# How to complete this task
Find each line below that includes "SOIC", then copy it.

(Stored data)
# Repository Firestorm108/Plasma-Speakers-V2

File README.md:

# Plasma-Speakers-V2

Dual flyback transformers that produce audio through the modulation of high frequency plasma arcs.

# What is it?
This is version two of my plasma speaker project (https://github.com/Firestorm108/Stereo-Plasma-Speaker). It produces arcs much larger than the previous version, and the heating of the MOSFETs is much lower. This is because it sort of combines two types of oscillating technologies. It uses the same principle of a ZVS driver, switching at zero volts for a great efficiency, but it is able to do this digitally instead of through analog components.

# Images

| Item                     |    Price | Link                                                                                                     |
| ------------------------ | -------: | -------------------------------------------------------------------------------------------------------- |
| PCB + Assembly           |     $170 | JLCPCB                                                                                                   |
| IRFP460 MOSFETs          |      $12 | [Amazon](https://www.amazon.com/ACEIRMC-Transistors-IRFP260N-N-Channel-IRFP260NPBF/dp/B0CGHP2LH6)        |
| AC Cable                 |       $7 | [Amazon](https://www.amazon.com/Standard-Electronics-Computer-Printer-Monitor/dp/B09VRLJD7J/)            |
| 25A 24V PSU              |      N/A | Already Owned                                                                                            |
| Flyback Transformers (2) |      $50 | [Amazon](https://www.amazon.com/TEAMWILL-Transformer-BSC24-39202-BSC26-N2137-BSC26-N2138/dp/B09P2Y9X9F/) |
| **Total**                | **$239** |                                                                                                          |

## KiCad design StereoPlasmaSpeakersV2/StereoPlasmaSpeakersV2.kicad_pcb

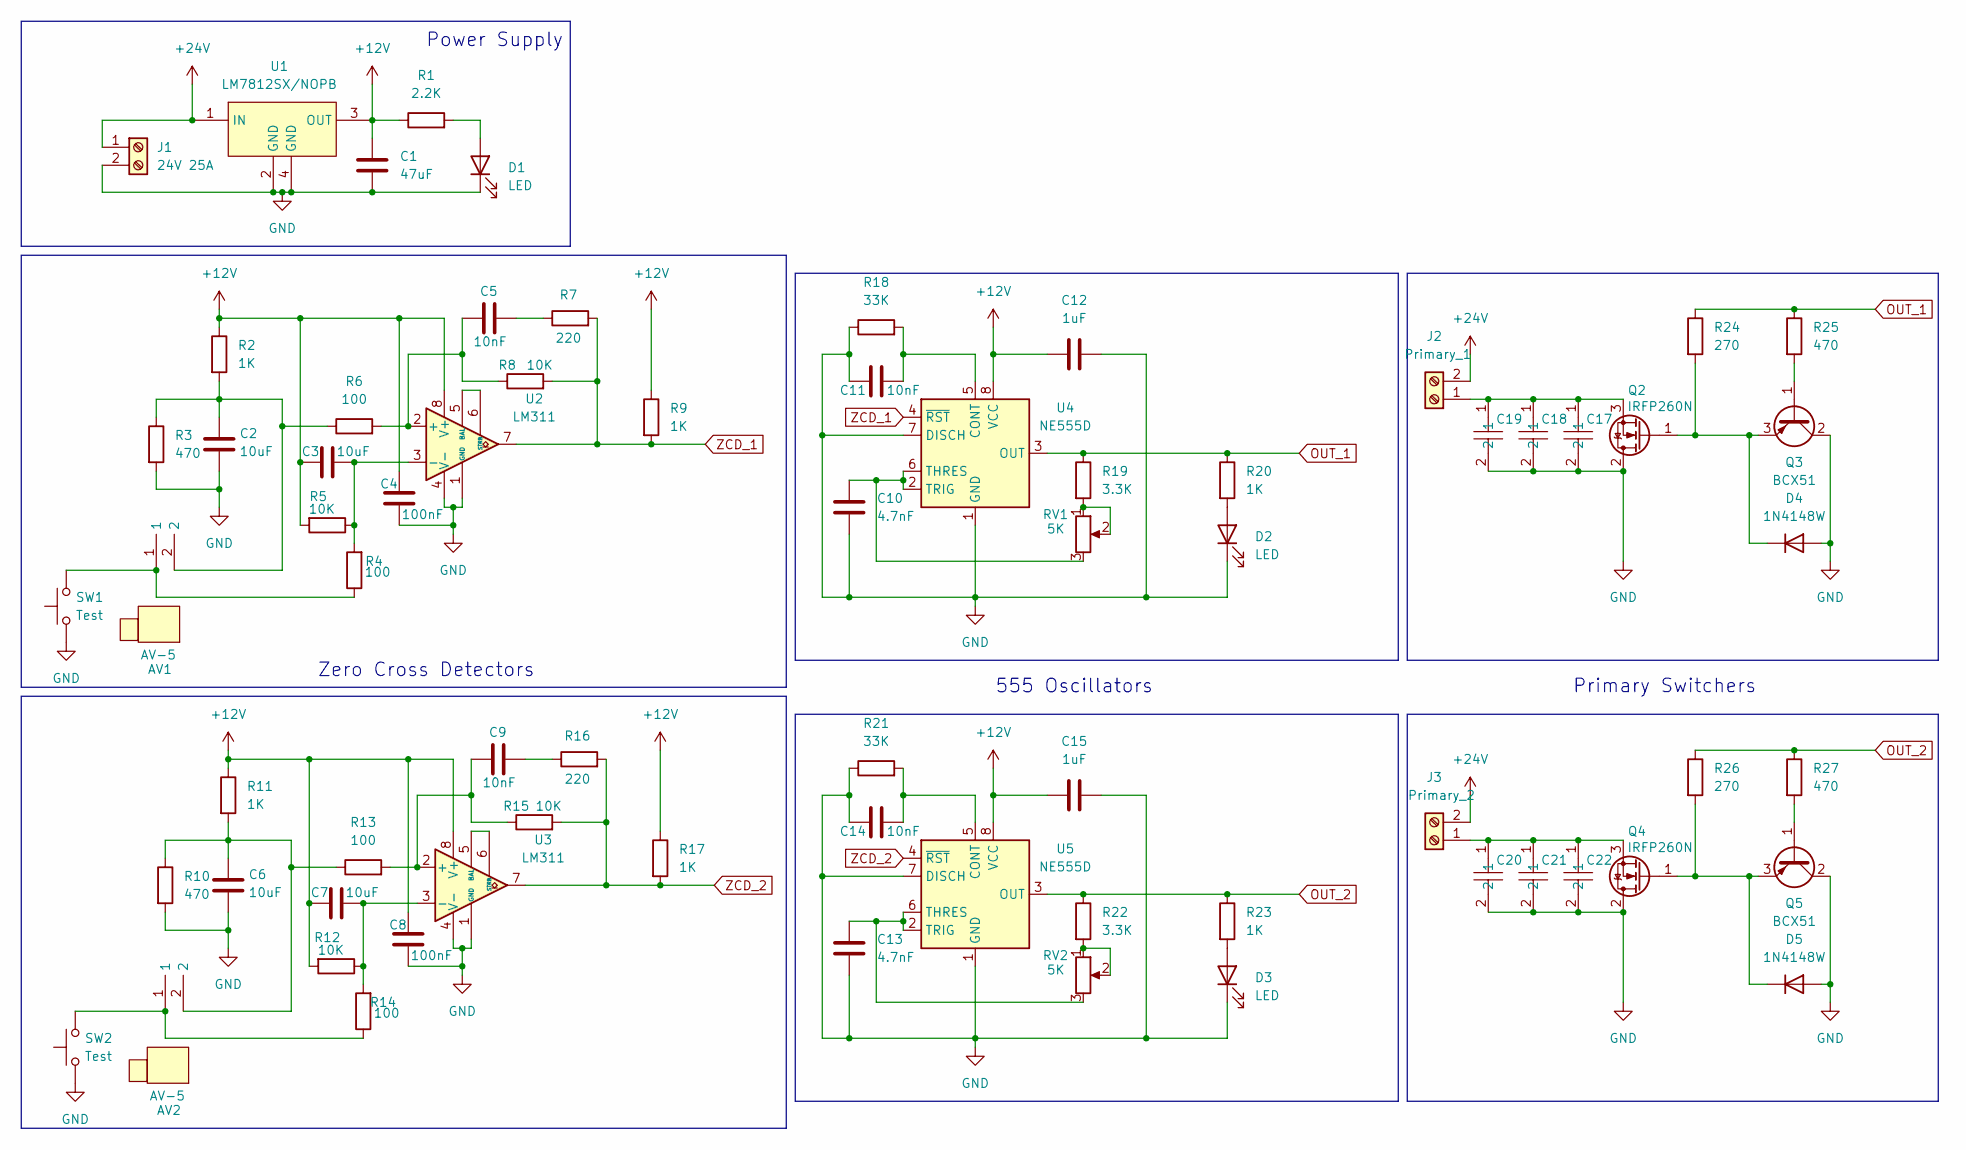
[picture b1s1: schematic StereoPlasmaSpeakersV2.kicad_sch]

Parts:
AV1, AV2: AV-5; CONN-TH_AV-5; MPN AV-5; LCSC Part C18080
C1: 47uF; C_1206_3216Metric
C2, C3, C6, C7: 10uF; C_1206_3216Metric
C4, C8: 100nF; C_1206_3216Metric
C5, C9, C11, C14: 10nF; C_1206_3216Metric
C10, C13: 4.7nF; C_1206_3216Metric
C12, C15: 1uF; C_1206_3216Metric
C17, C18, C19, C20, C21, C22: C322J10458P40001; CAP-TH_L12.0-W6.0-P10.00-D0.6-A; MPN C322J10458P40001; LCSC Part C46638903
D1, D2, D3: LED; LED_1206_3216Metric
D4, D5: 1N4148W; D_SOD-123
J1: 24V 25A; CONN-TH_P10.16_KF135T-10.16-2P
J2: Primary_1; CONN-TH_P10.16_KF135T-10.16-2P
J3: Primary_2; CONN-TH_P10.16_KF135T-10.16-2P
Q2, Q4: IRFP260N; TO-247-3_Vertical
Q3, Q5: BCX51; SOT-89-3
R1: 2.2K; R_1206_3216Metric
R2, R9, R11, R17, R20, R23: 1K; R_1206_3216Metric
R3, R10, R25, R27: 470; R_1206_3216Metric
R4, R6, R13, R14: 100; R_1206_3216Metric
R5, R8, R12, R15: 10K; R_1206_3216Metric
R7, R16: 220; R_1206_3216Metric
R18, R21: 33K; R_1206_3216Metric
R19, R22: 3.3K; R_1206_3216Metric
R24, R26: 270; R_1206_3216Metric
RV1, RV2: 5K; RES-ADJ-TH_3296W
SW1, SW2: Test; SW_Push_SPST_NO_Alps_SKRK
U1: LM7812SX/NOPB; TO-263-3_L8.6-W10.2-P2.54-LS14.4-BR; MPN LM7812SX/NOPB; LCSC Part C2870248
U2, U3: LM311; SOIC-8_L5.0-W4.0-P1.27-LS6.0-BL
U4, U5: NE555D; SOIC-8_3.9x4.9mm_P1.27mm

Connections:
+12V: C1.1, C3.1, C4.1, C7.1, C8.1, C12.2, C15.2, R1.1, R2.1, R5.2, R9.1, R11.1, R12.2, R17.1, U1.3 (OUT), U2.8 (V+), U3.8 (V+), U4.8 (VCC), U5.8 (VCC)
+24V: J1.1, J2.2, J3.2, U1.1 (IN)
GND: C1.2, C2.2, C4.2, C6.2, C8.2, C10.2, C11.1, C12.1, C13.2, C14.1, C15.1, C17.2, C18.2, C19.2, C20.2, C21.2, C22.2, D1.1 (K), D2.1 (K), D3.1 (K), D4.2 (A), D5.2 (A), J1.2, Q2.2 (D), Q3.2 (C), Q4.2 (D), Q5.2 (C), R3.2, R10.2, R18.1, R21.1, SW1.1, SW2.1, U1.2 (GND), U1.4 (GND), U2.1 (GND), U2.4 (V-), U3.1 (GND), U3.4 (V-), U4.1 (GND), U4.7 (DISCH), U5.1 (GND), U5.7 (DISCH)
unnamed: AV1.1, R4.1, SW1.2
unnamed: AV1.2, C2.1, R2.2, R3.1, R6.1
unnamed: AV2.1, R14.1, SW2.2
unnamed: AV2.2, C6.1, R10.1, R11.2, R13.1
unnamed: C5.2, R7.1
unnamed: C9.2, R16.1
unnamed: D1.2 (A), R1.2
unnamed: D2.2 (A), R20.2
unnamed: D3.2 (A), R23.2
unnamed: D4.1 (K), Q2.1 (G), Q3.3 (E), R24.2
unnamed: D5.1 (K), Q4.1 (G), Q5.3 (E), R26.2
unnamed: C17.1, C18.1, C19.1, J2.1, Q2.3 (S)
unnamed: C20.1, C21.1, C22.1, J3.1, Q4.3 (S)
unnamed: Q3.1 (B), R25.2
unnamed: Q5.1 (B), R27.2
unnamed: R19.2, RV1.1, RV1.2
unnamed: R22.2, RV2.1, RV2.2
unnamed: C5.1, R6.2, R8.1, U2.2 (+)
unnamed: C3.2, R4.2, R5.1, U2.3 (-)
unnamed: U2.5 (BAL), U2.6 (STRB)
unnamed: C9.1, R13.2, R15.1, U3.2 (+)
unnamed: C7.2, R12.1, R14.2, U3.3 (-)
unnamed: U3.5 (BAL), U3.6 (STRB)
unnamed: C11.2, R18.2, U4.5 (CONT)
unnamed: C10.1, RV1.3, U4.2 (TRIG), U4.6 (THRES)
unnamed: C14.2, R21.2, U5.5 (CONT)
unnamed: C13.1, RV2.3, U5.2 (TRIG), U5.6 (THRES)
OUT_1: R19.1, R20.1, R24.1, R25.1, U4.3 (OUT)
OUT_2: R22.1, R23.1, R26.1, R27.1, U5.3 (OUT)
ZCD_1: R7.2, R8.2, R9.2, U2.7, U4.4 (~RST)
ZCD_2: R15.2, R16.2, R17.2, U3.7, U5.4 (~RST)

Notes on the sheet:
Power Supply
Primary Switchers
Zero Cross Detectors
555 Oscillators

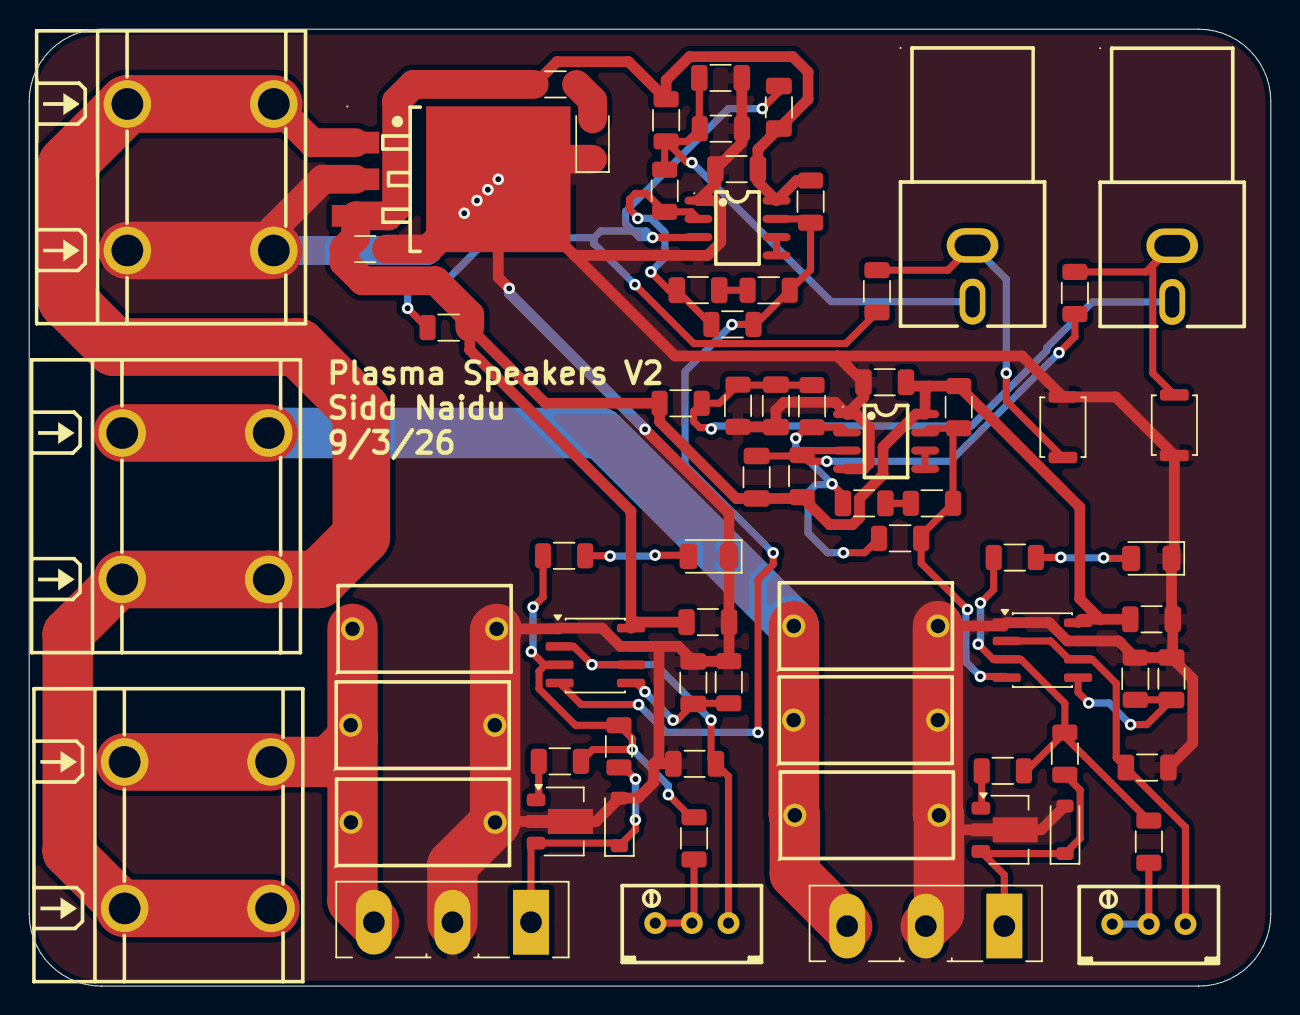
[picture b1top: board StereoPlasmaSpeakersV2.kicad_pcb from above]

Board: 2 copper layers, 86.1 x 66.4 mm, 71 parts (0 on the bottom side), 34 nets.

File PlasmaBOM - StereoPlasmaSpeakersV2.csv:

Id,Designator,Footprint,Quantity,Comment,Supplier and ref
1,"AV1, AV2",CONN-TH_AV-5,2,AV-5,
2,C1,C_1206_3216Metric,1,47uF,
3,"C2, C3, C6, C7",C_1206_3216Metric,4,10uF,
4,"C4, C8",C_1206_3216Metric,2,100nF,
5,"C5, C9, C11, C14",C_1206_3216Metric,4,10nF,
6,"C10, C13",C_1206_3216Metric,2,4.7nF,
7,"C12, C15",C_1206_3216Metric,2,1uF,
8,"C17, C18, C19, C20, C21, C22",CAP-TH_L12.0-W6.0-P10.00-D0.6-A,6,C322J10458P40001,
9,"D1, D2, D3",LED_1206_3216Metric,3,LED,
10,"D4, D5",D_SOD-123,2,1N4148W,
11,J1,CONN-TH_P10.16_KF135T-10.16-2P,1,24V 25A,
12,J2,CONN-TH_P10.16_KF135T-10.16-2P,1,Primary_1,
13,J3,CONN-TH_P10.16_KF135T-10.16-2P,1,Primary_2,
14,"Q2, Q4",TO-247-3_Vertical,2,IRFP260N,
15,"Q3, Q5",SOT-89-3,2,BCX51,
16,R1,R_1206_3216Metric,1,2.2K,
17,"R2, R9, R11, R17, R20, R23",R_1206_3216Metric,6,1K,
18,"R3, R10, R25, R27",R_1206_3216Metric,4,470,
19,"R4, R6, R13, R14",R_1206_3216Metric,4,100,
20,"R5, R8, R12, R15",R_1206_3216Metric,4,10K,
21,"R7, R16",R_1206_3216Metric,2,220,
22,"R18, R21",R_1206_3216Metric,2,33K,
23,"R19, R22",R_1206_3216Metric,2,3.3K,
24,"R24, R26",R_1206_3216Metric,2,270,
25,"RV1, RV2",RES-ADJ-TH_3296W,2,5K,
26,"SW1, SW2",SW_Push_SPST_NO_Alps_SKRK,2,Test,
27,U1,TO-263-3_L8.6-W10.2-P2.54-LS14.4-BR,1,LM7812SX/NOPB,
28,"U2, U3",SOIC-8_L5.0-W4.0-P1.27-LS6.0-BL,2,LM311,
29,"U4, U5",SOIC-8_3.9x4.9mm_P1.27mm,2,NE555D,

# Completed task
U2, U3: LM311; SOIC-8_L5.0-W4.0-P1.27-LS6.0-BL
U4, U5: NE555D; SOIC-8_3.9x4.9mm_P1.27mm
28,"U2, U3",SOIC-8_L5.0-W4.0-P1.27-LS6.0-BL,2,LM311,
29,"U4, U5",SOIC-8_3.9x4.9mm_P1.27mm,2,NE555D,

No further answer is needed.